The point is that since the DM controls the gameworld, they can come up with ways that circumvent the 'Reasonableness' clause (ninjas with desert camouflage who are trained in mirage stealth -- so they can sneak up on you in a flat desert map in broad daylight) more easily than the PCs can try to circumvent it. And can also design the game world to defeat PC attempts to try similar shenanigans.

If you want stealth to work the same way it does across campaigns, you have to err on the side of the person using stealth. Otherwise you get PCs unable to sneak in most situations and not even getting any advantage out of their ineffectual 'walking back-to-back, shining flashlights' standing orders. So it's just a double-fuck. Even if you're okay with PCs throwing up convoluted anti-stealth generic actions, a stealth system that wanks to 'Reasonableness' is still going to hurt them more than it does the GM's characters.

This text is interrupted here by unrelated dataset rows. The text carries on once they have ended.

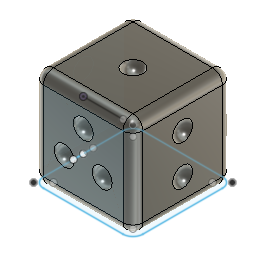
Radial D6 v1 (Autodesk Fusion 360 design; units mm, degrees)
Autodesk Fusion 360 part; units mm, degrees
note: some values were not read from the file. Chosen so that the rebuilt part matches the saved one: which face or edge a step refers to.
sketch "Sketch1" plane through (0, 0, 0) normal (0, 0, 1) x (1, 0, 0)
  line L0 (-20, 25) -> (20, 25)
  line L1 (25, 20) -> (25, -20)
  line L2 (20, -25) -> (-20, -25)
  line L3 (-25, -20) -> (-25, 20)
  arc A0 (-20, 25) -> (-25, 20) centre (-20, 20) ccw
  arc A1 (20, -25) -> (25, -20) centre (20, -20) ccw
  arc A2 (25, 20) -> (20, 25) centre (20, 20) ccw
  arc A3 (-25, -20) -> (-20, -25) centre (-20, -20) ccw
  point P0 (-25, 25)
  point P1 (25, 25)
  point P2 (-25, -25)
  dimension "d1" = 50
  dimension "d2" = 50
  dimension "d3" = 5
  dimension "d4" = 5
  dimension "d5" = 5
  dimension "d6" = 5
  constraint horizontal L0
  constraint vertical L1
  constraint horizontal L2
  constraint vertical L3
  constraint coincident P0 L0
  constraint coincident P0 L3
  constraint tangent L0 A0
  constraint tangent L3 A0
  constraint tangent L1 A1
  constraint tangent L2 A1
  constraint coincident P1 L0
  constraint coincident P1 L1
  constraint tangent L0 A2
  constraint tangent L1 A2
  constraint coincident P2 L2
  constraint coincident P2 L3
  constraint tangent L2 A3
  constraint tangent L3 A3
  measures "d1" distance of P0 P1
  measures "d2" distance of P0 P2
  measures "d3" radius of A0
  measures "d4" radius of A1
  measures "d5" radius of A2
  measures "d6" radius of A3
extrude "Extrude2" add sketch "Sketch1" along normal blind 50
fillet "Fillet3" radius 5 8 edges at (0, 25, 50) (-23.5355, 23.5355, 50) (-25, 0, 50) (-23.5355, -23.5355, 50) (0, -25, 50) (23.5355, -23.5355, 50) (25, 0, 50) (23.5355, 23.5355, 50)
fillet "Fillet4" radius 5 8 edges at (-23.5355, -23.5355, 0) (-25, 0, 0) (-23.5355, 23.5355, 0) (0, 25, 0) (23.5355, 23.5355, 0) (25, 0, 0) (23.5355, -23.5355, 0) (0, -25, 0)
sphere "SpherePrimitive1" cut diameter 10 placed x (-1, 0, 0) y (0, -1, 0) z (0, 0, 1) at (0, 0, 50)
sphere "SpherePrimitive2" cut diameter 10 placed x (1, 0, 0) y (0, 1, 0) z (0, 0, 1) at (13, 0, 0)
pattern_circular "C-Pattern1" count 6 over 360 about axis through (0, 0, 1.75) along (0, 0, 1) of 1 faces at (10.5214, -4.2931, 0.6526)
sphere "SpherePrimitive3" cut diameter 10 placed x (0, 1, 0) y (0, 0, 1) z (1, 0, 0) at (25, 0, 35)
sphere "SpherePrimitive4" cut diameter 10 placed x (0, 1, 0) y (0, 0, 1) z (1, 0, 0) at (25, 0, 15)
sphere "SpherePrimitive5" cut diameter 10 placed x (1, 0, 0) y (0, 0, 1) z (0, -1, 0) at (0, -25, 35)
move_face "MoveFace1" to x (1, 0, 0) y (0, 1, 0) z (0, 0, 1) at (0, 0, 1) 1 faces at (2.4786, -24.3474, 30.7069)
sketch "Sketch8" plane through (0, -25, 0) normal (0, -1, 0) x (1, 0, 0)
  circle A0 centre (0, 36) radius 5
  line L0 (-20, 5) -> (20, 5)
  line L1 (20, 5) -> (20, 45)
  line L2 (20, 45) -> (-20, 45)
  line L3 (-20, 45) -> (-20, 5)
  point P0 (0, 25)
sketch "Sketch9" plane through (0, 0, 0) normal (1, 0, 0) x (0, 1, 0)
  line L0 (-30, 25) -> (-20, 25)
  constraint horizontal L0
pattern_circular "C-Pattern2" count 3 over 360 about axis through (0, -30, 25) along (0, 1, 0) of 1 faces at (-2.4786, -24.3474, 31.7069)
sphere "SpherePrimitive6" cut diameter 10 placed x (-1, 0, 0) y (0, 0, 1) z (0, 1, 0) at (0, 25, 35)
move_face "MoveFace2" to x (1, 0, 0) y (0, 1, 0) z (0, 0, 1) at (0, 0, 2) 1 faces at (-2.4786, 24.3474, 30.7069)
pattern_circular "C-Pattern3" count 4 over 360 about axis through (0, -30, 25) along (0, 1, 0) of 1 faces at (2.4786, 24.3474, 32.7069)
sphere "SpherePrimitive7" cut diameter 10 placed x (0, -1, 0) y (0, 0, 1) z (-1, 0, 0) at (-25, 0, 37)
sketch "Sketch12" plane through (-25, 0, 0) normal (-1, 0, 0) x (0, -1, 0)
  circle A0 centre (0, 37) radius 5
  line L0 (-20, 5) -> (20, 5)
  line L1 (20, 5) -> (20, 45)
  line L2 (20, 45) -> (-20, 45)
  line L3 (-20, 45) -> (-20, 5)
  point P0 (0, 25)
sketch "Sketch14" plane through (0, 0, 0) normal (0, 1, 0) x (1, 0, 0)
  line L0 (-25, -25) -> (-5, -25)
  point P0 (-25, -25)
  constraint coincident P0 L0.start
  constraint horizontal L0
pattern_circular "C-Pattern4" count 5 over 360 about axis through (-25, 0, 25) along (1, 0, 0) of 1 faces at (-24.3474, 2.4786, 32.7069)

Josh Kablack wrote:Your freedom to make rulings up on the fly is in direct conflict with my freedom to interact with an internally consistent narrative. Your freedom to run/play a game without needing to understand a complex rule system is in direct conflict with my freedom to play a character whose abilities and flaws function as I intended within that ruleset. Your freedom to add and change rules in the middle of the game is in direct conflict with my ability to understand that rules system before I decided whether or not to join your game.

In short, your entire post is dismissive of not merely my intelligence, but my agency. And I don't mean agency as a player within one of your games, I mean my agency as a person. You do not want me to be informed when I make the fundamental decisions of deciding whether to join your game or buying your rules system.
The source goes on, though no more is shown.